O processo erosivo começa logo depois do bueiro e se transforma em voçoroca ao chegar no Riacho Salto
O pior é
que a voçoroca da Fazenda Salto não pára de avançar rumo à BR-235, donde surgiu.
O buraco maior, com cerca de 50 metros de extensão, já chegou no Brejo do Salto,
e está a poucos metros do Rio Taquara.
Além do
canal principal, que deu origem à voçoroca (buracão no solo, causado pelo
escoamento de águas das chuvas), na área de pastagem, oferecendo risco de
acidente com animais, o processo erosivo se deriva para dois outros pontos da
propriedade, próximos da moradia, exatamente onde Salomão Glória planta
mandioca e outras culturas, como feijão e milho.

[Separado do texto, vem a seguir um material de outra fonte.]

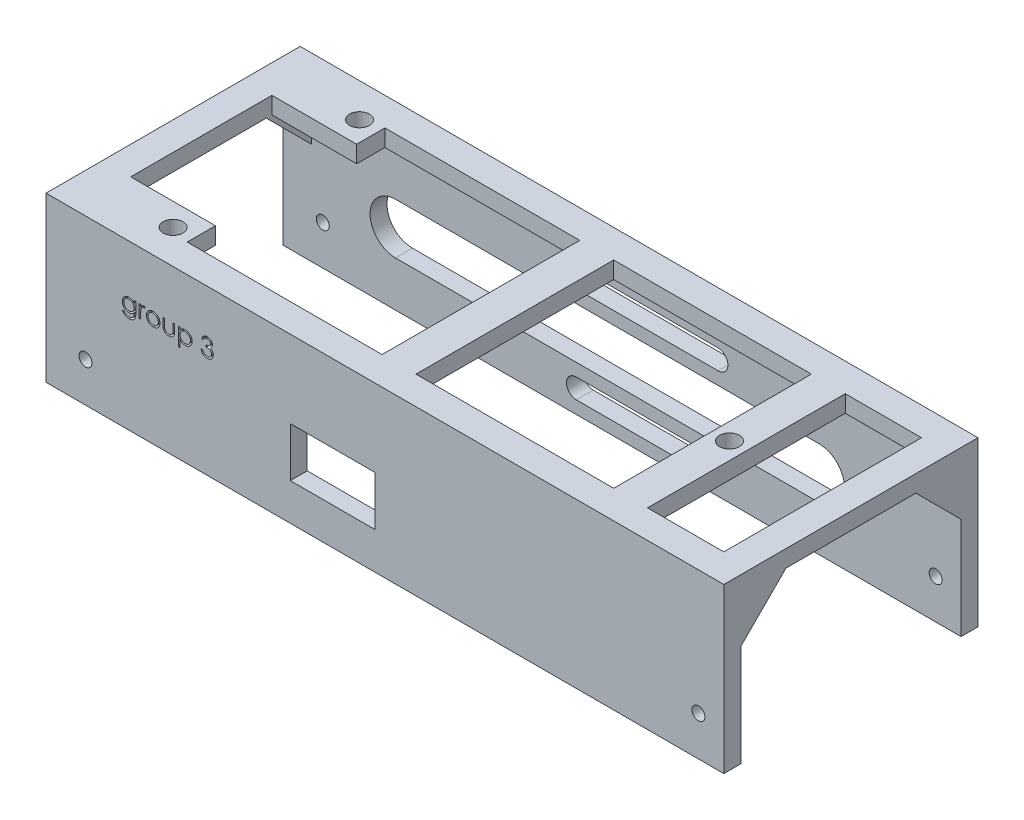
from build123d import *

# Parameters (mm, degrees)
SKETCH1_W           = 120
SKETCH1_H           = 29
BOSS_EXTRUDE5_DEPTH = 45
SHELL9_T            = -3
SKETCH3_R           = 1.15
CUT_EXTRUDE2_DEPTH  = 79
CUT_EXTRUDE8_DEPTH  = 23
SKETCH7_W           = 15
SKETCH7_H           = 8.75
CUT_EXTRUDE9_DEPTH  = 20
SKETCH13_W          = 110
SKETCH13_H          = 35
CUT_EXTRUDE14_DEPTH = 10
SKETCH17_W          = 15
SKETCH17_H          = 5
SKETCH17_W_2        = 6
SKETCH17_H_2        = 35
BOSS_EXTRUDE6_DEPTH = 3
SKETCH17_4_R        = 1.75
CUT_EXTRUDE16_DEPTH = 10
CUT_EXTRUDE15_DEPTH = 1.5
BOSS_EXTRUDE7_DEPTH = 5
BOSS_EXTRUDE8_DEPTH = 5


with BuildPart() as part:
    # Sketch1 → Boss-Extrude5 (new body)
    with BuildSketch(Plane.XY):
        with Locations((60, 14.5)):
            Rectangle(SKETCH1_W, SKETCH1_H)
    extrude(amount=BOSS_EXTRUDE5_DEPTH)

    # Shell9
    shell9_openings = [part.faces().sort_by_distance(p)[0] for p in [
        (120, 14.5, 22.5),
        (60, 0, 22.5),
        (0, 14.5, 22.5),
    ]]
    offset(amount=SHELL9_T, openings=shell9_openings, kind=Kind.INTERSECTION)

    # Sketch3 → Cut-Extrude2 (cut)
    with BuildSketch(Plane(origin=(0, 0, 0), x_dir=(-1, 0, 0), z_dir=(0, 0, -1))):
        with Locations((-7, 7)):
            Circle(SKETCH3_R)
        with Locations((-115.5, 7)):
            Circle(SKETCH3_R)
    extrude(amount=-CUT_EXTRUDE2_DEPTH, mode=Mode.SUBTRACT)

    # Sketch6 → Cut-Extrude8 (cut)
    with BuildSketch(Plane(origin=(0, 0, 0), x_dir=(-1, 0, 0), z_dir=(0, 0, -1))):
        with BuildLine():
            Line((-51.883496676, 22.75), (-76.973496676, 22.75))
            ThreePointArc((-76.973496676, 22.75), (-78.723496676, 21), (-76.973496676, 19.25))
            Line((-76.973496676, 19.25), (-51.883496676, 19.25))
            ThreePointArc((-51.883496676, 19.25), (-50.133496676, 21), (-51.883496676, 22.75))
        make_face()
        with BuildLine():
            Line((-19.873496676, 17), (-94.873496676, 17))
            ThreePointArc((-94.873496676, 17), (-99.373496676, 12.5), (-94.873496676, 8))
            Line((-94.873496676, 8), (-19.873496676, 8))
            ThreePointArc((-19.873496676, 8), (-15.373496676, 12.5), (-19.873496676, 17))
        make_face()
        with BuildLine():
            ThreePointArc((-76.973496676, 5.75), (-78.723496676, 4), (-76.973496676, 2.25))
            Line((-76.973496676, 2.25), (-51.883496676, 2.25))
            ThreePointArc((-51.883496676, 2.25), (-50.133496676, 4), (-51.883496676, 5.75))
            Line((-51.883496676, 5.75), (-76.973496676, 5.75))
        make_face()
    extrude(amount=-CUT_EXTRUDE8_DEPTH, mode=Mode.SUBTRACT)

    # Sketch7 → Cut-Extrude9 (cut)
    with BuildSketch(Plane.XY.offset(45)):
        with Locations((50.746172795, 10.921245049)):
            Rectangle(SKETCH7_W, SKETCH7_H)
    extrude(amount=-CUT_EXTRUDE9_DEPTH, mode=Mode.SUBTRACT)

    # Sketch13 → Cut-Extrude14 (cut)
    with BuildSketch(Plane(origin=(0, 29, 0), x_dir=(1, 0, 0), z_dir=(0, 1, 0))):
        with Locations((60, -22.5)):
            Rectangle(SKETCH13_W, SKETCH13_H)
    extrude(amount=-CUT_EXTRUDE14_DEPTH, mode=Mode.SUBTRACT)

    # Sketch17 → Boss-Extrude6 (add)
    with BuildSketch(Plane(origin=(0, 29, 0), x_dir=(1, 0, 0), z_dir=(0, 1, 0))):
        with Locations((12.5, -7.5)):
            Rectangle(SKETCH17_W, SKETCH17_H)
        with Locations((12.5, -37.5)):
            Rectangle(SKETCH17_W, SKETCH17_H)
        with Locations((57.5, -22.5)):
            Rectangle(SKETCH17_W_2, SKETCH17_H_2)
        with Locations((98.5, -22.5)):
            Rectangle(SKETCH17_W_2, SKETCH17_H_2)
    extrude(amount=-BOSS_EXTRUDE6_DEPTH)

    # Sketch17<4> → Cut-Extrude16 (cut)
    with BuildSketch(Plane(origin=(0, 29, 0), x_dir=(1, 0, 0), z_dir=(0, 1, 0))):
        with Locations((98.5, -22.5)):
            Circle(SKETCH17_4_R)
        with Locations((16.5, -6)):
            Circle(SKETCH17_4_R)
        with Locations((16.5, -39)):
            Circle(SKETCH17_4_R)
    extrude(amount=-CUT_EXTRUDE16_DEPTH, mode=Mode.SUBTRACT)

    # Sketch20 → Cut-Extrude15 (cut)
    # profile 1 of 6: a face of its own
    with BuildSketch(Plane.XY.offset(45)):
        with BuildLine():
            Line((15.616704574, 20.332761713), (15.901640472, 20.332761713))
            Line((15.901640472, 20.332761713), (15.901640472, 18.49149068))
            add(Edge.make_bspline(
                [(15.901640472, 18.49149068), (15.901389155, 18.452268005), (15.900904052, 18.376558794), (15.897410671, 18.267086354), (15.890044057, 18.165970691), (15.881690467, 18.072750642), (15.869673803, 17.9878583), (15.854999527, 17.91104035), (15.838457161, 17.842223075), (15.823924535, 17.799836969), (15.817050127, 17.779786954)],
                knots=[0, 0, 0, 0, 1.307562039, 2.523909702, 3.650326591, 4.686913197, 5.643429486, 6.506965704, 7.293745905, 8, 8, 8, 8], degree=3))
            add(Edge.make_bspline(
                [(15.817050127, 17.779786954), (15.806899889, 17.753724811), (15.786902899, 17.702379766), (15.749450931, 17.629595775), (15.707510176, 17.561064407), (15.659606909, 17.497167576), (15.605957751, 17.438226048), (15.547826683, 17.382959277), (15.484081581, 17.332536497), (15.414758892, 17.287827692), (15.341456639, 17.247562292), (15.264216961, 17.212685764), (15.183475406, 17.182308413), (15.098473497, 17.159554734), (15.010543928, 17.139838237), (14.918652687, 17.127006986), (14.823336649, 17.118273869), (14.758525483, 17.117466301), (14.725643877, 17.117056585)],
                knots=[0, 0, 0, 0, 0.981931301, 1.934503488, 2.87077864, 3.801706999, 4.735015492, 5.667491629, 6.616593066, 7.585388521, 8.561939025, 9.551802639, 10.560317337, 11.588439944, 12.640189604, 13.723962949, 14.845264515, 16, 16, 16, 16], degree=3))
            add(Edge.make_bspline(
                [(14.725643877, 17.117056585), (14.677669868, 17.11783354), (14.583963739, 17.119351142), (14.447343495, 17.137032186), (14.317590571, 17.162027939), (14.196419457, 17.19986072), (14.084595869, 17.246158561), (13.982883496, 17.299312554), (13.89219542, 17.360262855), (13.810440374, 17.429659829), (13.736651931, 17.512176883), (13.667230747, 17.609421549), (13.600409749, 17.722875084), (13.561249628, 17.806144188), (13.540743036, 17.849748893)],
                knots=[0, 0, 0, 0, 1.157897085, 2.2616841, 3.32207898, 4.345638746, 5.321241055, 6.241986252, 7.112515963, 7.955008012, 8.825025602, 9.77857164, 10.836726669, 12, 12, 12, 12], degree=3))
            Line((13.540743036, 17.849748893), (13.825678933, 17.849748893))
            add(Edge.make_bspline(
                [(13.825678933, 17.849748893), (13.848595366, 17.813367134), (13.89339417, 17.742245276), (13.977167435, 17.650158342), (14.068976031, 17.571460647), (14.171918315, 17.508041587), (14.286422618, 17.460226276), (14.412557826, 17.426140115), (14.55135034, 17.405732787), (14.647977577, 17.403273256), (14.698295119, 17.401992483)],
                knots=[0, 0, 0, 0, 0.997731894, 1.950442991, 2.880492273, 3.800895997, 4.748200782, 5.754801363, 6.83083817, 8, 8, 8, 8], degree=3))
            add(Edge.make_bspline(
                [(14.698295119, 17.401992483), (14.747976513, 17.403289832), (14.843757266, 17.405790991), (14.981489827, 17.426149222), (15.107215235, 17.460233694), (15.220209131, 17.507957016), (15.319138293, 17.566422742), (15.404420599, 17.631737095), (15.473494698, 17.705379862), (15.519952175, 17.773217644), (15.548830721, 17.833655247), (15.567220536, 17.885682245), (15.582164779, 17.944513069), (15.594665061, 18.009950487), (15.604980103, 18.08208799), (15.611514147, 18.161090521), (15.616236561, 18.246778529), (15.616544963, 18.306190162), (15.616704574, 18.336938396)],
                knots=[0, 0, 0, 0, 1.570740765, 3.028230971, 4.391408896, 5.680370741, 6.894727393, 8.017376726, 9.065722033, 10.075533815, 10.603371122, 11.180248986, 11.817768598, 12.521299649, 13.286540596, 14.121245857, 15.027658897, 16, 16, 16, 16], degree=3))
            Line((15.616704574, 18.336938396), (15.616704574, 18.457145728))
            add(Edge.make_bspline(
                [(15.616704574, 18.457145728), (15.587783846, 18.422727093), (15.530451097, 18.354495237), (15.431438879, 18.265085752), (15.323292106, 18.188081905), (15.206194892, 18.124927858), (15.083015558, 18.074416852), (14.955088249, 18.039090023), (14.823559742, 18.016266399), (14.734431006, 18.013810477), (14.689390872, 18.012569406)],
                knots=[0, 0, 0, 0, 1.012485704, 2.007162095, 2.997754123, 3.998611389, 4.999708251, 5.992315798, 6.98544096, 8, 8, 8, 8], degree=3))
            add(Edge.make_bspline(
                [(14.689390872, 18.012569406), (14.662869399, 18.013036608), (14.610140308, 18.013965485), (14.531804216, 18.022092376), (14.454624104, 18.033884092), (14.378779973, 18.051193683), (14.304162381, 18.073411178), (14.230894637, 18.101184934), (14.158383509, 18.132585791), (14.087947043, 18.169572548), (14.020286767, 18.210722641), (13.955913021, 18.255298635), (13.895162989, 18.303067225), (13.838614888, 18.354499449), (13.786342893, 18.409520868), (13.737643956, 18.467544948), (13.693323362, 18.52938192), (13.652471645, 18.593904232), (13.617040867, 18.661541641), (13.585940044, 18.730827485), (13.558898655, 18.801613615), (13.537340041, 18.874137022), (13.520874388, 18.948351984), (13.508618682, 19.02413692), (13.501667308, 19.1017252), (13.500583341, 19.153995995), (13.500037908, 19.180297771)],
                knots=[0, 0, 0, 0, 1.028754217, 2.045334182, 3.052854819, 4.056607503, 5.061168794, 6.071104265, 7.095078842, 8.125279047, 9.155117945, 10.165957491, 11.161587969, 12.151493252, 13.128948131, 14.104219989, 15.088194871, 16.07871515, 17.064853787, 18.047899887, 19.02414258, 20.002704429, 20.980574569, 21.971845993, 22.979467364, 24, 24, 24, 24], degree=3))
            add(Edge.make_bspline(
                [(13.500037908, 19.180297771), (13.500508866, 19.206607723), (13.501448958, 19.259125723), (13.509568775, 19.337030594), (13.521151346, 19.413892296), (13.53948268, 19.488918582), (13.561546682, 19.562963892), (13.588873066, 19.635481306), (13.621728655, 19.706492911), (13.658930356, 19.776051293), (13.700735212, 19.843223058), (13.746575391, 19.907019373), (13.796506234, 19.966970786), (13.8498389, 20.023682111), (13.907224591, 20.07660618), (13.96863362, 20.125614541), (14.033460661, 20.171528693), (14.101906631, 20.213358264), (14.172915405, 20.250353587), (14.24468294, 20.284110729), (14.31815991, 20.310902394), (14.391976428, 20.334509063), (14.467432493, 20.351232418), (14.543602915, 20.364134024), (14.620748464, 20.371994163), (14.672412876, 20.372975315), (14.698295119, 20.373466842)],
                knots=[0, 0, 0, 0, 1.008818848, 2.013730394, 3.001654427, 3.987803273, 4.973046549, 5.963777569, 6.957074694, 7.972068341, 8.987420212, 9.989399531, 10.982630087, 11.977756091, 12.973280677, 13.973972381, 14.989194003, 16.018387222, 17.047741039, 18.059210846, 19.057554164, 20.045176975, 21.029480261, 22.018708529, 23.007435371, 24, 24, 24, 24], degree=3))
            add(Edge.make_bspline(
                [(14.698295119, 20.373466842), (14.740977042, 20.372236145), (14.825260726, 20.369805898), (14.949295278, 20.350736716), (15.068985739, 20.320334718), (15.18500751, 20.276777682), (15.298305708, 20.217314433), (15.408506924, 20.138989044), (15.515929996, 20.04109895), (15.582222028, 19.966030281), (15.616704574, 19.926982467)],
                knots=[0, 0, 0, 0, 0.96728863, 1.910097829, 2.838038873, 3.762875196, 4.71315279, 5.730631239, 6.819562287, 8, 8, 8, 8], degree=3))
            Line((15.616704574, 19.926982467), (15.616704574, 20.332761713))
        make_face()
        with BuildLine():
            add(Edge.make_bspline(
                [(14.721191754, 20.088530944), (14.679526044, 20.087114835), (14.597036773, 20.084311238), (14.476125205, 20.060376534), (14.359396844, 20.022869897), (14.249083349, 19.969219095), (14.145753328, 19.903819322), (14.054064026, 19.824589204), (13.973868138, 19.734105154), (13.90602933, 19.633185287), (13.852025876, 19.524307938), (13.813795774, 19.409544629), (13.78907611, 19.290749742), (13.78634774, 19.209676024), (13.784973805, 19.168849454)],
                knots=[0, 0, 0, 0, 1.026226791, 2.031711442, 3.026614839, 4.04107745, 5.047145931, 6.032893242, 7.017642609, 8.019221815, 9.021877557, 10.003543541, 10.994637589, 12, 12, 12, 12], degree=3))
            add(Edge.make_bspline(
                [(13.784973805, 19.168849454), (13.78563217, 19.138067128), (13.786926982, 19.077527295), (13.799376227, 18.988683633), (13.819497532, 18.904065063), (13.848015569, 18.823666466), (13.883351228, 18.747026688), (13.927794307, 18.674673668), (13.980091974, 18.60654297), (14.039834895, 18.543138509), (14.105672041, 18.485388916), (14.177081601, 18.434645122), (14.25396672, 18.393142682), (14.334436469, 18.357273494), (14.42044337, 18.331076054), (14.510748612, 18.311083733), (14.605991079, 18.299645788), (14.670916871, 18.298228108), (14.704019278, 18.297505303)],
                knots=[0, 0, 0, 0, 1.039728707, 2.044842319, 3.024901384, 3.974314358, 4.923051295, 5.871625912, 6.837440708, 7.820715446, 8.810779094, 9.792721783, 10.773906224, 11.758876063, 12.764959493, 13.806266761, 14.881525401, 16, 16, 16, 16], degree=3))
            add(Edge.make_bspline(
                [(14.704019278, 18.297505303), (14.737550687, 18.298201634), (14.803121003, 18.299563302), (14.898888923, 18.311268619), (14.989632909, 18.330157126), (15.075269755, 18.356975013), (15.1561228, 18.39119403), (15.231283772, 18.434497961), (15.302364264, 18.483814268), (15.367094722, 18.541338023), (15.425627358, 18.604733697), (15.476636696, 18.673717281), (15.520101946, 18.747250752), (15.556095261, 18.825325821), (15.583573711, 18.908549241), (15.60200586, 18.996712964), (15.614893407, 19.089394606), (15.616091675, 19.152902422), (15.616704574, 19.185385912)],
                knots=[0, 0, 0, 0, 1.121943988, 2.193949579, 3.223793937, 4.220241907, 5.192961521, 6.155822191, 7.11847367, 8.083710714, 9.04790392, 10.001595906, 10.949595423, 11.902125208, 12.873731292, 13.87582262, 14.913508608, 16, 16, 16, 16], degree=3))
            add(Edge.make_bspline(
                [(15.616704574, 19.185385912), (15.615489395, 19.227674965), (15.613115361, 19.310292915), (15.59071151, 19.430676912), (15.554588891, 19.543859923), (15.503927909, 19.649483987), (15.440444229, 19.746429935), (15.363980388, 19.83290228), (15.27585506, 19.909012343), (15.176321441, 19.97241999), (15.069235544, 20.023642205), (14.957184173, 20.062070384), (14.840333683, 20.083836656), (14.761134297, 20.086957176), (14.721191754, 20.088530944)],
                knots=[0, 0, 0, 0, 1.070913519, 2.092188694, 3.091357305, 4.074328408, 5.051968682, 6.018948707, 6.99050112, 7.9935919, 9.000589572, 9.992915277, 10.987769056, 12, 12, 12, 12], degree=3))
        make_face(mode=Mode.SUBTRACT)
    # profile 2 of 6: a face of its own
    with BuildSketch(Plane.XY.offset(45)):
        with BuildLine():
            Line((16.471512267, 20.332761713), (16.756448164, 20.332761713))
            Line((16.756448164, 20.332761713), (16.756448164, 19.991220247))
            add(Edge.make_bspline(
                [(16.756448164, 19.991220247), (16.777483681, 20.023020891), (16.817713944, 20.083839376), (16.884582101, 20.1642751), (16.953074409, 20.230873035), (17.023518757, 20.283944084), (17.096433176, 20.323688842), (17.170217411, 20.352801809), (17.246032302, 20.370016945), (17.29697919, 20.372315336), (17.322503853, 20.373466842)],
                knots=[0, 0, 0, 0, 1.2804753, 2.448899062, 3.506932113, 4.484331642, 5.4025378, 6.288909075, 7.142734305, 8, 8, 8, 8], degree=3))
            add(Edge.make_bspline(
                [(17.322503853, 20.373466842), (17.342303449, 20.372386864), (17.383042405, 20.37016474), (17.444712326, 20.354552063), (17.508251743, 20.329625571), (17.549202337, 20.306184798), (17.570550728, 20.293964638)],
                knots=[0, 0, 0, 0, 0.901110191, 1.854092781, 2.881294221, 4, 4, 4, 4], degree=3))
            Line((17.570550728, 20.293964638), (17.414090392, 20.047189798))
            add(Edge.make_bspline(
                [(17.414090392, 20.047189798), (17.400384351, 20.053304183), (17.374367662, 20.064910455), (17.336308877, 20.078646421), (17.301219379, 20.08673443), (17.278864151, 20.087959724), (17.268442355, 20.088530944)],
                knots=[0, 0, 0, 0, 1.180555205, 2.24091978, 3.179933427, 4, 4, 4, 4], degree=3))
            add(Edge.make_bspline(
                [(17.268442355, 20.088530944), (17.245577154, 20.08700691), (17.198938771, 20.083898323), (17.130463547, 20.059460976), (17.064017868, 20.019977365), (17.01124786, 19.976188571), (16.970388102, 19.933963069), (16.941232326, 19.897089161), (16.914487262, 19.855742831), (16.888932848, 19.810630903), (16.865649853, 19.760983115), (16.843919546, 19.707295485), (16.824271863, 19.649505833), (16.813068427, 19.609244546), (16.807329574, 19.588621088)],
                knots=[0, 0, 0, 0, 1.125678352, 2.296057538, 3.5422874, 4.923748041, 5.663163013, 6.437101912, 7.23742474, 8.08941207, 8.991984279, 9.93940061, 10.944477711, 12, 12, 12, 12], degree=3))
            add(Edge.make_bspline(
                [(16.807329574, 19.588621088), (16.803036618, 19.570226795), (16.793528044, 19.529484834), (16.784282864, 19.461132958), (16.775148372, 19.380375782), (16.768710726, 19.286988515), (16.762743502, 19.18120437), (16.759377927, 19.06286219), (16.756562935, 18.931840507), (16.756487582, 18.840242344), (16.756448164, 18.792327018)],
                knots=[0, 0, 0, 0, 0.566838948, 1.255505196, 2.06880316, 3.007127437, 4.065329342, 5.249902469, 6.561414163, 8, 8, 8, 8], degree=3))
            Line((16.756448164, 18.792327018), (16.756448164, 18.012569406))
            Line((16.756448164, 18.012569406), (16.471512267, 18.012569406))
            Line((16.471512267, 18.012569406), (16.471512267, 20.332761713))
        make_face()
    # profile 3 of 6: a face of its own
    with BuildSketch(Plane.XY.offset(45)):
        with BuildLine():
            add(Edge.make_bspline(
                [(18.976149687, 20.373466842), (19.019684627, 20.37253984), (19.105046006, 20.370722218), (19.230057445, 20.351295784), (19.349387675, 20.321589247), (19.463493721, 20.280521473), (19.570914218, 20.225474275), (19.673213846, 20.159788703), (19.770112133, 20.081971636), (19.828190167, 20.021775389), (19.857670119, 19.991220247)],
                knots=[0, 0, 0, 0, 1.054011418, 2.066658804, 3.057071809, 4.030435133, 4.997543892, 5.974964718, 6.972108034, 8, 8, 8, 8], degree=3))
            add(Edge.make_bspline(
                [(19.857670119, 19.991220247), (19.883053749, 19.96199756), (19.933329765, 19.904117725), (19.997796525, 19.810268705), (20.053333226, 19.713077328), (20.09784034, 19.611252967), (20.132933183, 19.505684516), (20.157848493, 19.39600912), (20.172668427, 19.282468991), (20.174666833, 19.205358366), (20.175678933, 19.166305383)],
                knots=[0, 0, 0, 0, 1.025258237, 2.030674902, 3.01204498, 3.988269485, 4.97094183, 5.956517959, 6.965070386, 8, 8, 8, 8], degree=3))
            add(Edge.make_bspline(
                [(20.175678933, 19.166305383), (20.17478872, 19.127026045), (20.173029618, 19.049408242), (20.156389337, 18.935090674), (20.130507566, 18.824242513), (20.093467256, 18.717327841), (20.045970971, 18.614019848), (19.98801299, 18.514769757), (19.919186595, 18.41938175), (19.841168683, 18.328665797), (19.754943053, 18.245057873), (19.661401975, 18.172188657), (19.562383673, 18.109757703), (19.456571489, 18.059468955), (19.344931697, 18.019818012), (19.227223499, 17.991968712), (19.103629757, 17.975130613), (19.019240778, 17.972968371), (18.976149687, 17.971864278)],
                knots=[0, 0, 0, 0, 0.998656419, 1.973391657, 2.932242238, 3.890759089, 4.846373663, 5.82037756, 6.809684879, 7.83454468, 8.860553229, 9.859544525, 10.845671541, 11.83227036, 12.833544569, 13.85385346, 14.904124723, 16, 16, 16, 16], degree=3))
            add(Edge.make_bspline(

Além da voçoroca, duas outras erosões se formam na área, ameaçando inclusive a casa da Fazenda, ...
Danos ao Meio Ambiente – Como se não bastassem os
prejuízos que vêm sendo causados ao senhor Salomão Glória, que já perdeu boa
parte da terra produtiva de sua propriedade, é visível a ocorrência de danos ao
Meio Ambiente, haja vista o empobrecimento do solo, o assoreamento do Riacho
Salto e do Rio Taquara, e o esgotamento do patrimônio
hidrológico.
... assoreando o Riacho Salto e o Rio Taquara e possibilitando o esgotamento do patrimônio hidrológico
Esperamos
que o caso seja resolvido à luz do bom senso, sem que haja necessidade de
ajuizamento de Ação Civil Pública de Responsabilidade por Danos ao Ambiente Natural,
com base
nos artigos 129, III, 170, III, e IV e 225 da Constituição Federal, edemais disposições da Lei Adjetiva Civil.
Regida
pela Lei
7.347, de 24/07/1985, a Ação Civil Pública pode ser proposta pelo
Ministério Público, Defensoria Pública, União, Estados, Municípios, Autarquias, Empresas Públicas, Fundações, Sociedades de Economia Mista e Associações interessadas, se constituídas há pelo menos um ano.